» **Exercise prompt**
No pictures, please. Output the lines from the start of the data through the line that contains "To Workspace1 : ToWorkspace", both included, exactly as they stand.

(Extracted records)
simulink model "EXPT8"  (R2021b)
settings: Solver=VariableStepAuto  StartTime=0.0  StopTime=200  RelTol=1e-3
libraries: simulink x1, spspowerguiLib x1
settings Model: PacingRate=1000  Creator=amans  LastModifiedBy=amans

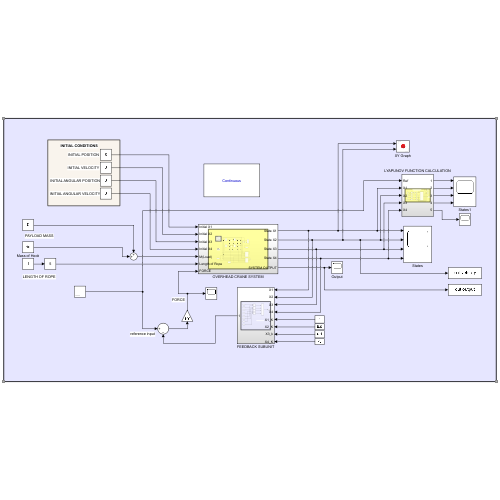
[thumbnail: Simulink's stored preview of the top-level diagram]
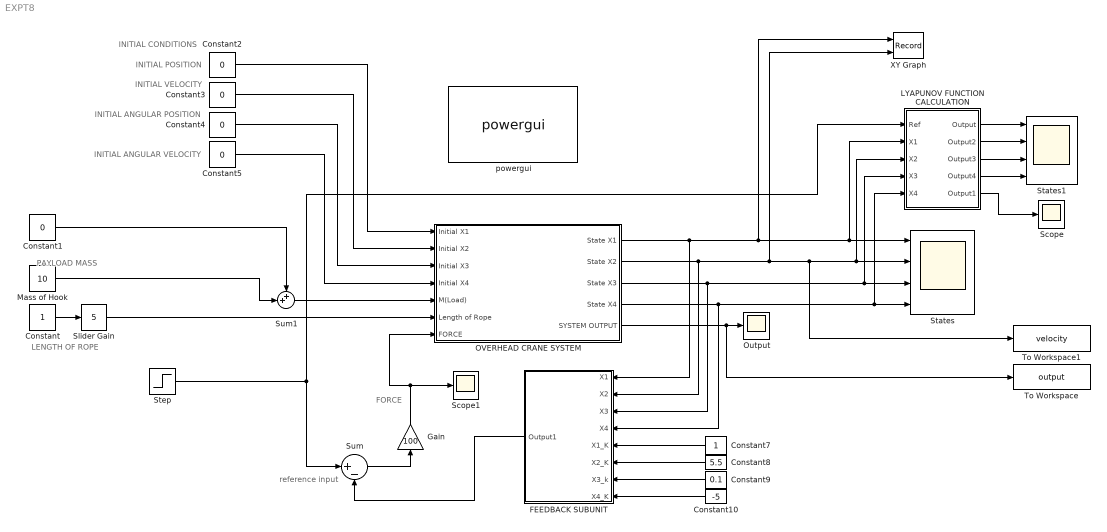
== system EXPT8 ==
  note: FORCE
  note: reference input
  note: LENGTH OF ROPE
  note: INITIAL ANGULAR VELOCITY
  note: INITIAL ANGULAR POSITION
  note: INITIAL VELOCITY
  note: INITIAL POSITION
  note: INITIAL CONDITIONS
  note: PAYLOAD MASS
  Constant : Constant
  Constant{1..5} (5 alike) : Constant  Value=0
  Constant10 : Constant  Value=-5
  Constant7 : Constant
  Constant8 : Constant  Value=5.5
  Constant9 : Constant  Value=0.1
  FEEDBACK SUBUNIT : Subsystem
  Gain : Gain  Gain=100
  LYAPUNOV FUNCTION CALCULATION : Subsystem
  Mass of Hook : Constant  Value=10
  OVERHEAD CRANE SYSTEM : Subsystem
  Output : Scope
  Scope : Scope
  Scope1 : Scope
  Slider Gain : simulink/Math Operations/Slider Gain  gain=5  low=1  high=25
  States : Scope  NumInputPorts=4
  States1 : Scope  NumInputPorts=4
  Step : Step  SampleTime=0
  Sum : Sum  Inputs=|+-
  Sum1 : Sum  Inputs=++|
  To Workspace : ToWorkspace  VariableName=output  SaveFormat=Timeseries  SampleTime=-1
  To Workspace1 : ToWorkspace  VariableName=velocity  SaveFormat=Timeseries  SampleTime=-1
  XY Graph : Record  FileSettingsInternal="{\"entries\":[{\"content\":{\"excelSettings\":{\"content\":{},\"type\":\"Streamout.ExcelSettings\"}},\"type\":\"Streamout.FileSettingStorage\",\"uuid\":\"c2f85f2e-b2fd-47b4-bf09-0d3d83d5f60a\"}],\"packageUris\":[\"http://schema.mathworks.com/mf0/streamout_blocks/R2020a\"],\"version\":\"1.0\"}"  Layout=[1 1]  SignalsInternal="{\"entries\":[{\"content\":{\"signals\":[{\"content\":{\"blockPath\":[\"EXPT8/XY Graph\"],\"channel\":[],\"dimensions\":[1],\"domain\":\"EXPT8/XY Graph\",\"lineColor\":\"#a2142f\",\"plots\":[1],\"port\":1,\"sid\":[],\"signalID\":9,\"signalName\":\"OVERHEAD CRANE SYSTEM:1\"},\"type\":\"RecordBlkView.Signal\",\"uuid\":\"2718287b-0875-4ae0-998d-ec136f265168\"},{\"content\":{\"blockPath\":[\"EXPT8/XY Graph\"],\"channel\":[],\"dimensions\":[1],\"domain\":\"EXPT8/XY Graph\",\"lineColor\":\"#139fff\",\"plots\":[1],\"port\":2,\"sid\":[],\"signalID\":12,\"signalName\":\"OVERHEAD CRANE SYSTEM:2\"},\"type\":\"RecordBlkView.Signal\",\"uuid\":\"42e2f042-69a5-4a3d-b452-4a78c1c86166\"}]},\"type\":\"RecordBlkView.InputSignals\",\"uuid\":\"803c249e-a84e-45e4-98e4-4698602c31aa\"}],\"packageUris\":[\"http://schema.mathworks.com/mf0/streamout_blocks/R2020a\"],\"version\":\"1.0\"}"  VisualizationBindings="{\"xyplotplugin\":{\"info\":[{\"series\":[{\"bindingParametersList\":[{\"parameter\":\"X-Axis\",\"signalID\":9,\"signalName\":\"OVERHEAD CRANE SYSTEM:1\"},{\"parameter\":\"Y-Axis\",\"signalID\":12,\"signalName\":\"OVERHEAD CRANE SYSTEM:2\"}],\"seriesID\":58305}],\"subplotID\":1}]}}"  CompatibilityTag=XY
  powergui : spspowerguiLib/powergui  Priority=1  SimulationMode=Continuous  SampleTime=50e-6  frequency=60  Iterations=50  frequencyindice=60  Pbase=100e6  ErrMax=1e-4  UnitsV=kV  UnitsW=MW  buscounter=0  FunctionMessages=off  echomessages=off  EnableUseOfTLC=off  CurrentSourceSwitches=off  DisableSnubberDevices=off  DisableRonSwitches=off  DisableVfSwitches=off  DisplayEquations=off  AutomaticDiscreteSolvers=off  SolverType=Tustin/Backward Euler (TBE)  Interpol=off  ExternalGateDelay=off  methode=off  Ts=100  x0status=blocks  SPID=on  SwTol=0  HookPort=off  NonlinearTolerance=1e-4  nMaxIteration=100  ContinueOnMaxIteration=off  RestoreLinks=warning  ResistiveCurrentMeasurement=off  Frange=[0:2:500]  Ylog=off  Xlog=on  ShowGrid=off  save=off  variable=ZData  structure=0  ZoomFFT=off  StartTime=0.0  cycles=1  DisplayStyle=1  fundamental=60  FreqAxis=off  MaxFrequency=1000  frequencyindicesteady=1  RmsSteady=1  display=off
  wires:
  Constant/1 -> Slider Gain/1
  OVERHEAD CRANE SYSTEM/2(State X2) -> FEEDBACK SUBUNIT/2(X2), XY Graph/2, To Workspace1/1, LYAPUNOV FUNCTION CALCULATION/3(X2), States/2
  OVERHEAD CRANE SYSTEM/3(State X3) -> FEEDBACK SUBUNIT/3(X3), LYAPUNOV FUNCTION CALCULATION/4(X3), States/3
  Constant2/1 -> OVERHEAD CRANE SYSTEM/1(Initial X1)
  Constant3/1 -> OVERHEAD CRANE SYSTEM/2(Initial X2)
  Constant4/1 -> OVERHEAD CRANE SYSTEM/3(Initial X3)
  Constant5/1 -> OVERHEAD CRANE SYSTEM/4(Initial X4)
  OVERHEAD CRANE SYSTEM/5(SYSTEM OUTPUT) -> Output/1, To Workspace/1
  OVERHEAD CRANE SYSTEM/1(State X1) -> FEEDBACK SUBUNIT/1(X1), XY Graph/1, LYAPUNOV FUNCTION CALCULATION/2(X1), States/1
  Slider Gain/1 -> OVERHEAD CRANE SYSTEM/6(Length of Rope)
  Constant1/1 -> Sum1/1
  Mass of Hook/1 -> Sum1/2
  Sum1/1 -> OVERHEAD CRANE SYSTEM/5(M(Load))
  OVERHEAD CRANE SYSTEM/4(State X4) -> LYAPUNOV FUNCTION CALCULATION/5(X4), States/4, FEEDBACK SUBUNIT/4(X4)
  LYAPUNOV FUNCTION CALCULATION/5(Output1) -> Scope/1
  Sum/1 -> Gain/1
  Constant7/1 -> FEEDBACK SUBUNIT/5(X1_K)
  Constant8/1 -> FEEDBACK SUBUNIT/6(X2_K)
  Constant9/1 -> FEEDBACK SUBUNIT/7(X3_k)
  Constant10/1 -> FEEDBACK SUBUNIT/8(X4_K)
  Step/1 -> Sum/1, LYAPUNOV FUNCTION CALCULATION/1(Ref)
  LYAPUNOV FUNCTION CALCULATION/1(Output) -> States1/1
  LYAPUNOV FUNCTION CALCULATION/2(Output2) -> States1/2
  LYAPUNOV FUNCTION CALCULATION/3(Output3) -> States1/3
  LYAPUNOV FUNCTION CALCULATION/4(Output4) -> States1/4
  FEEDBACK SUBUNIT/1(Output1) -> Sum/2
  Gain/1 -> OVERHEAD CRANE SYSTEM/7(FORCE), Scope1/1

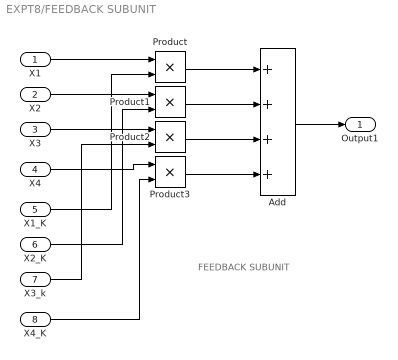
== system EXPT8/FEEDBACK SUBUNIT ==
  note: FEEDBACK SUBUNIT
  X1 : Inport
  X2 : Inport  Port=2
  X3 : Inport  Port=3
  X4 : Inport  Port=4
  X1_K : Inport  Port=5
  X2_K : Inport  Port=6
  X3_k : Inport  Port=7
  X4_K : Inport  Port=8
  Add : Sum  Inputs=++++
  Product{,1..3} (4 alike) : Product
  Output1 : Outport
  wires:
  Product2/1 -> Add/3
  X1/1 -> Product/1
  X3_k/1 -> Product2/2
  X4/1 -> Product3/1
  X2_K/1 -> Product1/2
  Product/1 -> Add/1
  X1_K/1 -> Product/2
  X3/1 -> Product2/1
  Add/1 -> Output1/1
  X4_K/1 -> Product3/2
  X2/1 -> Product1/1
  Product1/1 -> Add/2
  Product3/1 -> Add/4

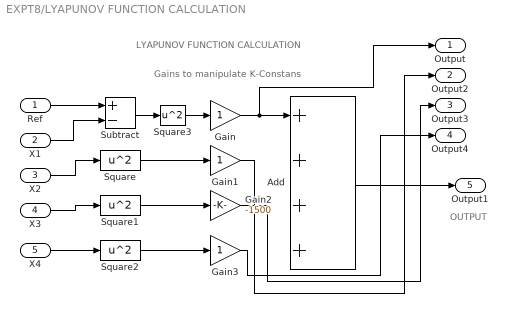
== system EXPT8/LYAPUNOV FUNCTION CALCULATION ==
  note: OUTPUT
  note: LYAPUNOV FUNCTION CALCULATION
  note: Gains to manipulate K-Constans
  Ref : Inport
  X1 : Inport  Port=2
  X2 : Inport  Port=3
  X3 : Inport  Port=4
  X4 : Inport  Port=5
  Add : Sum  Inputs=++++
  Gain : Gain
  Gain1 : Gain
  Gain2 : Gain  Gain=-1500
  Gain3 : Gain
  Square{,1..3} (4 alike) : Math  Operator=square  SaturateOnIntegerOverflow=on
  Subtract : Sum  Inputs=+-
  Output : Outport
  Output2 : Outport  Port=2
  Output3 : Outport  Port=3
  Output4 : Outport  Port=4
  Output1 : Outport  Port=5
  wires:
  X1/1 -> Subtract/2
  X3/1 -> Square1/1
  X4/1 -> Square2/1
  Subtract/1 -> Square3/1
  Add/1 -> Output1/1
  X2/1 -> Square/1
  Ref/1 -> Subtract/1
  Square3/1 -> Gain/1
  Square/1 -> Gain1/1
  Square1/1 -> Gain2/1
  Square2/1 -> Gain3/1
  Gain/1 -> Output/1, Add/1
  Gain1/1 -> Output2/1
  Gain3/1 -> Output4/1
  Gain2/1 -> Output3/1

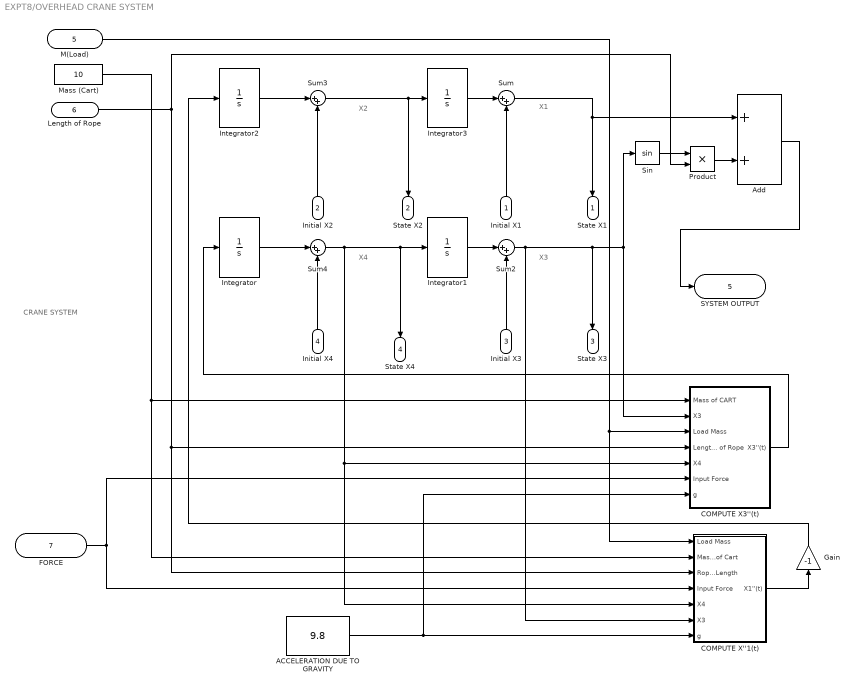
== system EXPT8/OVERHEAD CRANE SYSTEM ==
  note: CRANE SYSTEM
  note: X3
  note: X4
  note: X1
  note: X2
  Initial X1 : Inport
  Initial X2 : Inport  Port=2
  Initial X3 : Inport  Port=3
  Initial X4 : Inport  Port=4
  M(Load) : Inport  Port=5
  Length of Rope : Inport  Port=6
  FORCE : Inport  Port=7
  ACCELERATION DUE TO GRAVITY : Constant  Value=9.8
  Add : Sum
  COMPUTE X''1(t) : Subsystem
  COMPUTE X3''(t) : Subsystem
  Gain : Gain  Gain=-1
  Integrator{,1..3} (4 alike) : Integrator
  Mass (Cart) : Constant  Value=10
  Product : Product
  Sin : Trigonometry
  Sum{,2..4} (4 alike) : Sum  Inputs=|++
  State X1 : Outport
  State X2 : Outport  Port=2
  State X3 : Outport  Port=3
  State X4 : Outport  Port=4
  SYSTEM OUTPUT : Outport  Port=5
  wires:
  Sin/1 -> Product/1
  Initial X2/1 -> Sum3/2
  M(Load)/1 -> COMPUTE X''1(t)/1(Load Mass), COMPUTE X3''(t)/3(Load Mass)
  Sum3/1 -> State X2/1, Integrator3/1
  Length of Rope/1 -> Product/2, COMPUTE X''1(t)/3(Rope Length), COMPUTE X3''(t)/4(Length of Rope)
  Sum2/1 -> COMPUTE X''1(t)/6(X3), State X3/1, COMPUTE X3''(t)/2(X3), Sin/1
  COMPUTE X''1(t)/1(X1''(t)) -> Gain/1
  COMPUTE X3''(t)/1(X3''(t)) -> Integrator/1
  FORCE/1 -> COMPUTE X3''(t)/6(Input Force), COMPUTE X''1(t)/4(Input Force)
  ACCELERATION DUE TO GRAVITY/1 -> COMPUTE X3''(t)/7(g), COMPUTE X''1(t)/7(g)
  Sum4/1 -> COMPUTE X''1(t)/5(X4), COMPUTE X3''(t)/5(X4), State X4/1, Integrator1/1
  Product/1 -> Add/2
  Integrator1/1 -> Sum2/1
  Mass (Cart)/1 -> COMPUTE X''1(t)/2(Mass of Cart), COMPUTE X3''(t)/1(Mass of CART)
  Integrator3/1 -> Sum/1
  Initial X4/1 -> Sum4/2
  Integrator2/1 -> Sum3/1
  Integrator/1 -> Sum4/1
  Initial X1/1 -> Sum/2
  Initial X3/1 -> Sum2/2
  Sum/1 -> State X1/1, Add/1
  Add/1 -> SYSTEM OUTPUT/1
  Gain/1 -> Integrator2/1

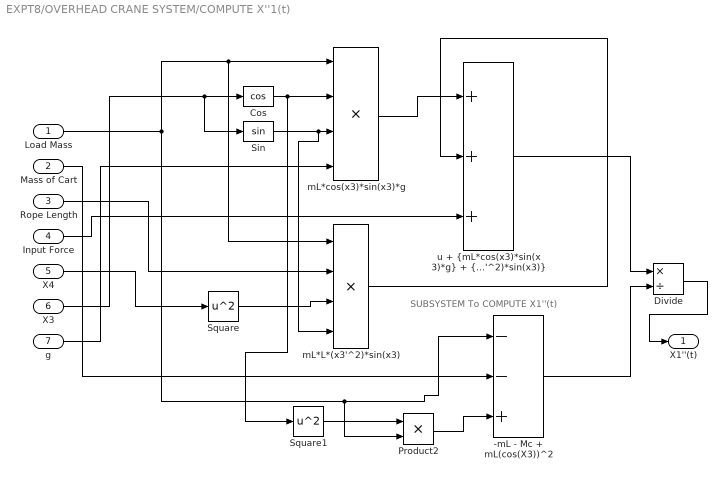
== system EXPT8/OVERHEAD CRANE SYSTEM/COMPUTE X''1(t) ==
  note: SUBSYSTEM To COMPUTE X1''(t)
  Load Mass : Inport
  Mass of Cart : Inport  Port=2
  Rope Length : Inport  Port=3
  Input Force : Inport  Port=4
  X4 : Inport  Port=5
  X3 : Inport  Port=6
  g : Inport  Port=7
  -mL - Mc + mL(cos(X3))^2 : Sum  Inputs=--+
  Cos : Trigonometry  Operator=cos
  Divide : Product  Inputs=*/
  Product2 : Product
  Sin : Trigonometry
  Square : Math  Operator=square  SaturateOnIntegerOverflow=on
  Square1 : Math  Operator=square  SaturateOnIntegerOverflow=on
  mL*L*(x3'^2)*sin(x3) : Product  Inputs=4
  mL*cos(x3)*sin(x3)*g : Product  Inputs=4
  "u + {mL*cos(x3)*sin(x3)*g} + {mL*L*(x3'^2)*sin(x3)} " : Sum  Inputs=+++
  X1''(t) : Outport
  wires:
  "u + {mL*cos(x3)*sin(x3)*g} + {mL*L*(x3'^2)*sin(x3)} "/1 -> Divide/1
  Load Mass/1 -> mL*L*(x3'^2)*sin(x3)/1, mL*cos(x3)*sin(x3)*g/1, -mL - Mc + mL(cos(X3))^2/1, Product2/2
  Sin/1 -> mL*L*(x3'^2)*sin(x3)/4, mL*cos(x3)*sin(x3)*g/3
  Cos/1 -> Square1/1, mL*cos(x3)*sin(x3)*g/2
  Square/1 -> mL*L*(x3'^2)*sin(x3)/3
  Product2/1 -> -mL - Mc + mL(cos(X3))^2/3
  X3/1 -> Sin/1, Cos/1
  Square1/1 -> Product2/1
  mL*L*(x3'^2)*sin(x3)/1 -> "u + {mL*cos(x3)*sin(x3)*g} + {mL*L*(x3'^2)*sin(x3)} "/2
  mL*cos(x3)*sin(x3)*g/1 -> "u + {mL*cos(x3)*sin(x3)*g} + {mL*L*(x3'^2)*sin(x3)} "/1
  -mL - Mc + mL(cos(X3))^2/1 -> Divide/2
  Divide/1 -> X1''(t)/1
  Input Force/1 -> "u + {mL*cos(x3)*sin(x3)*g} + {mL*L*(x3'^2)*sin(x3)} "/3
  Rope Length/1 -> mL*L*(x3'^2)*sin(x3)/2
  Mass of Cart/1 -> -mL - Mc + mL(cos(X3))^2/2
  g/1 -> mL*cos(x3)*sin(x3)*g/4
  X4/1 -> Square/1

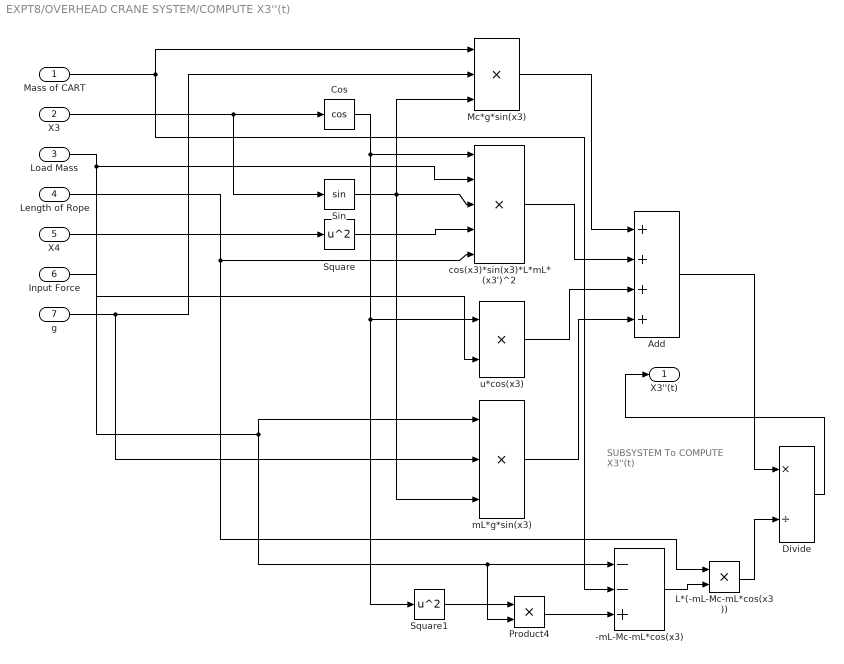
== system EXPT8/OVERHEAD CRANE SYSTEM/COMPUTE X3''(t) ==
  note: SUBSYSTEM To COMPUTE X3''(t)
  Mass of CART : Inport
  X3 : Inport  Port=2
  Load Mass : Inport  Port=3
  Length of Rope : Inport  Port=4
  X4 : Inport  Port=5
  Input Force : Inport  Port=6
  g : Inport  Port=7
  -mL-Mc-mL*cos(x3) : Sum  Inputs=--+
  Add : Sum  Inputs=++++
  Cos : Trigonometry  Operator=cos
  Divide : Product  Inputs=*/
  L*(-mL-Mc-mL*cos(x3)) : Product
  Mc*g*sin(x3) : Product  Inputs=3
  Product4 : Product
  Sin : Trigonometry
  Square : Math  Operator=square  SaturateOnIntegerOverflow=on
  Square1 : Math  Operator=square  SaturateOnIntegerOverflow=on
  cos(x3)*sin(x3)*L*mL*(x3')^2 : Product  Inputs=5
  mL*g*sin(x3) : Product  Inputs=3
  u*cos(x3) : Product
  X3''(t) : Outport
  wires:
  Length of Rope/1 -> L*(-mL-Mc-mL*cos(x3))/1, cos(x3)*sin(x3)*L*mL*(x3')^2/5
  Mc*g*sin(x3)/1 -> Add/1
  u*cos(x3)/1 -> Add/3
  Load Mass/1 -> Product4/2, -mL-Mc-mL*cos(x3)/1, mL*g*sin(x3)/1, cos(x3)*sin(x3)*L*mL*(x3')^2/2
  cos(x3)*sin(x3)*L*mL*(x3')^2/1 -> Add/2
  Cos/1 -> Square1/1, u*cos(x3)/1, cos(x3)*sin(x3)*L*mL*(x3')^2/1
  g/1 -> mL*g*sin(x3)/2, Mc*g*sin(x3)/2
  Mass of CART/1 -> Mc*g*sin(x3)/1, -mL-Mc-mL*cos(x3)/2
  Sin/1 -> mL*g*sin(x3)/3, cos(x3)*sin(x3)*L*mL*(x3')^2/3, Mc*g*sin(x3)/3
  X3/1 -> Cos/1, Sin/1
  Add/1 -> Divide/1
  L*(-mL-Mc-mL*cos(x3))/1 -> Divide/2
  -mL-Mc-mL*cos(x3)/1 -> L*(-mL-Mc-mL*cos(x3))/2
  Square/1 -> cos(x3)*sin(x3)*L*mL*(x3')^2/4
  Square1/1 -> Product4/1
  Product4/1 -> -mL-Mc-mL*cos(x3)/3
  mL*g*sin(x3)/1 -> Add/4
  Input Force/1 -> u*cos(x3)/2
  X4/1 -> Square/1
  Divide/1 -> X3''(t)/1

» **Output of the exercise**
simulink model "EXPT8"  (R2021b)
settings: Solver=VariableStepAuto  StartTime=0.0  StopTime=200  RelTol=1e-3
libraries: simulink x1, spspowerguiLib x1
settings Model: PacingRate=1000  Creator=amans  LastModifiedBy=amans

[thumbnail: Simulink's stored preview of the top-level diagram]
== system EXPT8 ==
  note: FORCE
  note: reference input
  note: LENGTH OF ROPE
  note: INITIAL ANGULAR VELOCITY
  note: INITIAL ANGULAR POSITION
  note: INITIAL VELOCITY
  note: INITIAL POSITION
  note: INITIAL CONDITIONS
  note: PAYLOAD MASS
  Constant : Constant
  Constant{1..5} (5 alike) : Constant  Value=0
  Constant10 : Constant  Value=-5
  Constant7 : Constant
  Constant8 : Constant  Value=5.5
  Constant9 : Constant  Value=0.1
  FEEDBACK SUBUNIT : Subsystem
  Gain : Gain  Gain=100
  LYAPUNOV FUNCTION CALCULATION : Subsystem
  Mass of Hook : Constant  Value=10
  OVERHEAD CRANE SYSTEM : Subsystem
  Output : Scope
  Scope : Scope
  Scope1 : Scope
  Slider Gain : simulink/Math Operations/Slider Gain  gain=5  low=1  high=25
  States : Scope  NumInputPorts=4
  States1 : Scope  NumInputPorts=4
  Step : Step  SampleTime=0
  Sum : Sum  Inputs=|+-
  Sum1 : Sum  Inputs=++|
  To Workspace : ToWorkspace  VariableName=output  SaveFormat=Timeseries  SampleTime=-1
  To Workspace1 : ToWorkspace  VariableName=velocity  SaveFormat=Timeseries  SampleTime=-1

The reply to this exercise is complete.